Former Sanford Health CEO Kelby Krabbenhoft’s $49 million payout is raising eyebrows this week, but it’s mostly an artifact of a ’90s-era retirement plan that was common when he started.
The bulk of the money—almost $30 million—came from a type of retirement plan that’s rarely used anymore but was typical in 1996, when Krabbenhoft first took the helm of the Sioux Falls, South Dakota-based health system. Most CEOs of that era have long since retired.
Another $15 million came in the form of severance, money Krabbenhoft would not have received had he been terminated. Krabbenhoft stepped down a year ago after saying he wouldn’t wear a mask at the height of a global pandemic. The ensuing chaos came as Sanford explored a merger with Intermountain Healthcare. Sanford called off the deal about a week later.
“That does honestly go to the question of whether he should have been terminated for cause, which means he wouldn’t have gotten that $15 million,” said Theo Sharp, a senior client partner at Korn Ferry.

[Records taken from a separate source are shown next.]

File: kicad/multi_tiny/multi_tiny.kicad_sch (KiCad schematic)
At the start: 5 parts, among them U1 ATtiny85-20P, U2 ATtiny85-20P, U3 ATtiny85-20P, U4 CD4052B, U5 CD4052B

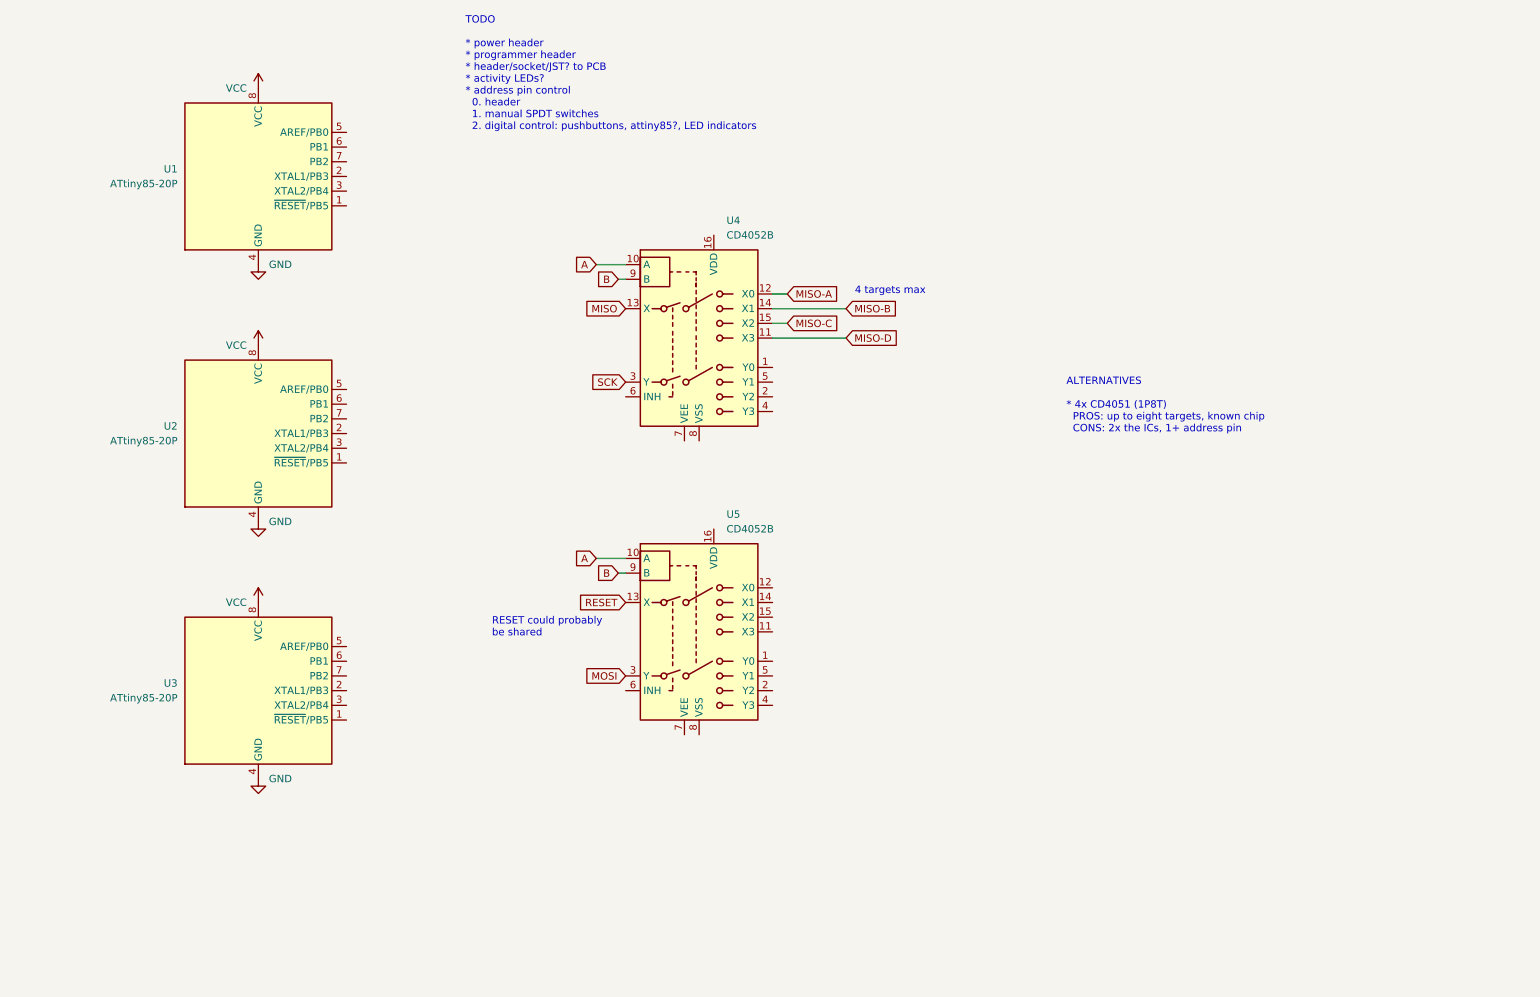
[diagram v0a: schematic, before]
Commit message: Complete MVP schematic
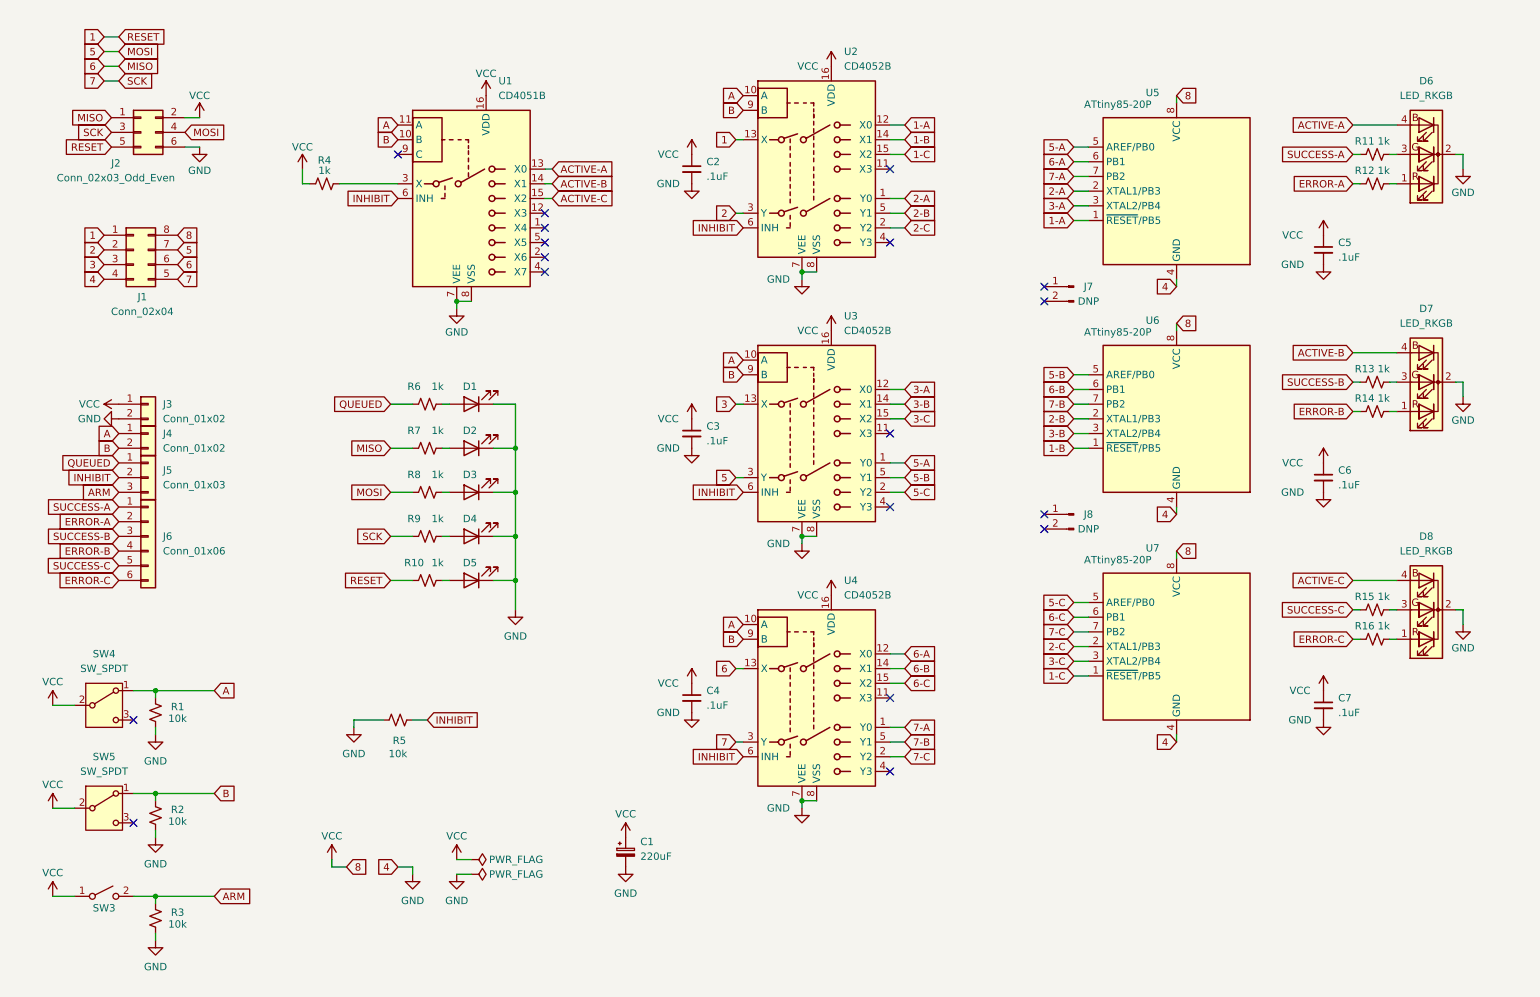
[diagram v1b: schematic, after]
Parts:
- added C1: 220uF, symbol Device:C_Polarized_Small
- added C2, C3, C4, C5, C6, C7: .1uF, symbol Device:C_Small
- added D1, D2, D3, D4, D5: LED, symbol Device:LED
- added D6, D7, D8: LED_RKGB, symbol Device:LED_RKGB
- added J1: Conn_02x04, symbol Connector_Generic:Conn_02x04_Counter_Clockwise
- added J2: Conn_02x03_Odd_Even, symbol Connector_Generic:Conn_02x03_Odd_Even
- added J3, J4: Conn_01x02, symbol Connector_Generic:Conn_01x02
- added J5: Conn_01x03, symbol Connector_Generic:Conn_01x03
- added J6: Conn_01x06, symbol Connector_Generic:Conn_01x06
- added J7, J8: DNP, symbol Connector:Conn_01x02_Pin
- added R1, R2, R3, R5: 10k, symbol Device:R_Small_US
- added R10, R11, R12, R13, R14, R15, R16, R4, R6, R7, R8, R9: 1k, symbol Device:R_Small_US
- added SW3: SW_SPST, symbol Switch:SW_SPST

Had that been the case, Krabbenhoft still would have gotten the retirement payout. Sharp said it’s common for severance to be three times an executive’s salary and bonus pay, which is right in line with Krabbenhoft’s. His 2020 salary was $3 million, plus another $2 million in bonus and incentive pay.
Most of Krabbenhoft’s windfall comes from a supplemental executive retirement plan. They’re not common anymore at for-profit or not-for-profit health systems, Sharp said. The purpose of SERPs was to allow companies to contribute to executives’ retirement plans beyond the maximum federal limit. It was often viewed as a retention strategy.
“Over a long period of time, those can get large if you have high base salaries,” Sharp said. “So it didn’t surprise me at all, actually. It’s just the nature of that type of SERP.”
Few health system CEOs can match the length of Krabbenhoft’s tenure. One who comes close is Wayne Smith, who until the end of 2020 was CEO of investor-owned Community Health Systems, a position he had held since 1997.
Like Krabbenhoft, Smith is set up to get a massive payout when he retires. His SERP was valued at almost $50 million at the end of 2019. Smith didn’t retire when he stepped down as CEO; he became CHS’ executive chairman.
That said, it’s hard to find outgoing not-for-profit health system CEOs whose payouts matched Krabbenhoft’s.
Dr. David Feinberg, who left Geisinger Health System at the beginning of 2019 after serving as CEO since 2015, made $4.8 million in total compensation in the year ended June 30, 2019, $3.3 million of which was his base salary.
Geisinger’s revenue was more than $7 billion in 2020, compared with Sanford’s $6.7 billion. Feinberg’s tenure at the helm of Geisinger was much shorter than Krabbenhoft’s, however.
CommonSpirit’s former CEO Kevin Lofton, who retired June 30, 2020, made $5.6 million in the year ended June 30, 2020. Although Lofton had only served as co-CEO of CommonSpirit since its early 2019 formation, he had been CEO of legacy Catholic Health Initiatives since 2003. CommonSpirit draws more than $30 billion in annual revenue.
Anthony Tersigni spent more than 15 years as CEO of Ascension, a not-for-profit Catholic system with north of 140 hospitals. He stepped down in June 2019 and became chair of Ascension’s investment arm the following month. Tersigni made $10.6 million in the year ended June 30, 2020, more than his replacement at the helm of Ascension. Ascension draws more than $24 billion in annual revenue.
In a statement, Sanford underscored that most of Krabbenhoft’s compensation was contractually obligated as part of retirement plans. The system said the payments made conclude its financial obligations to Krabbenhoft.
“We look forward to continuing along our journey in Sanford Health’s next chapter that focuses on our employees and their commitment to bringing life-changing care to the communities we serve,” the system said.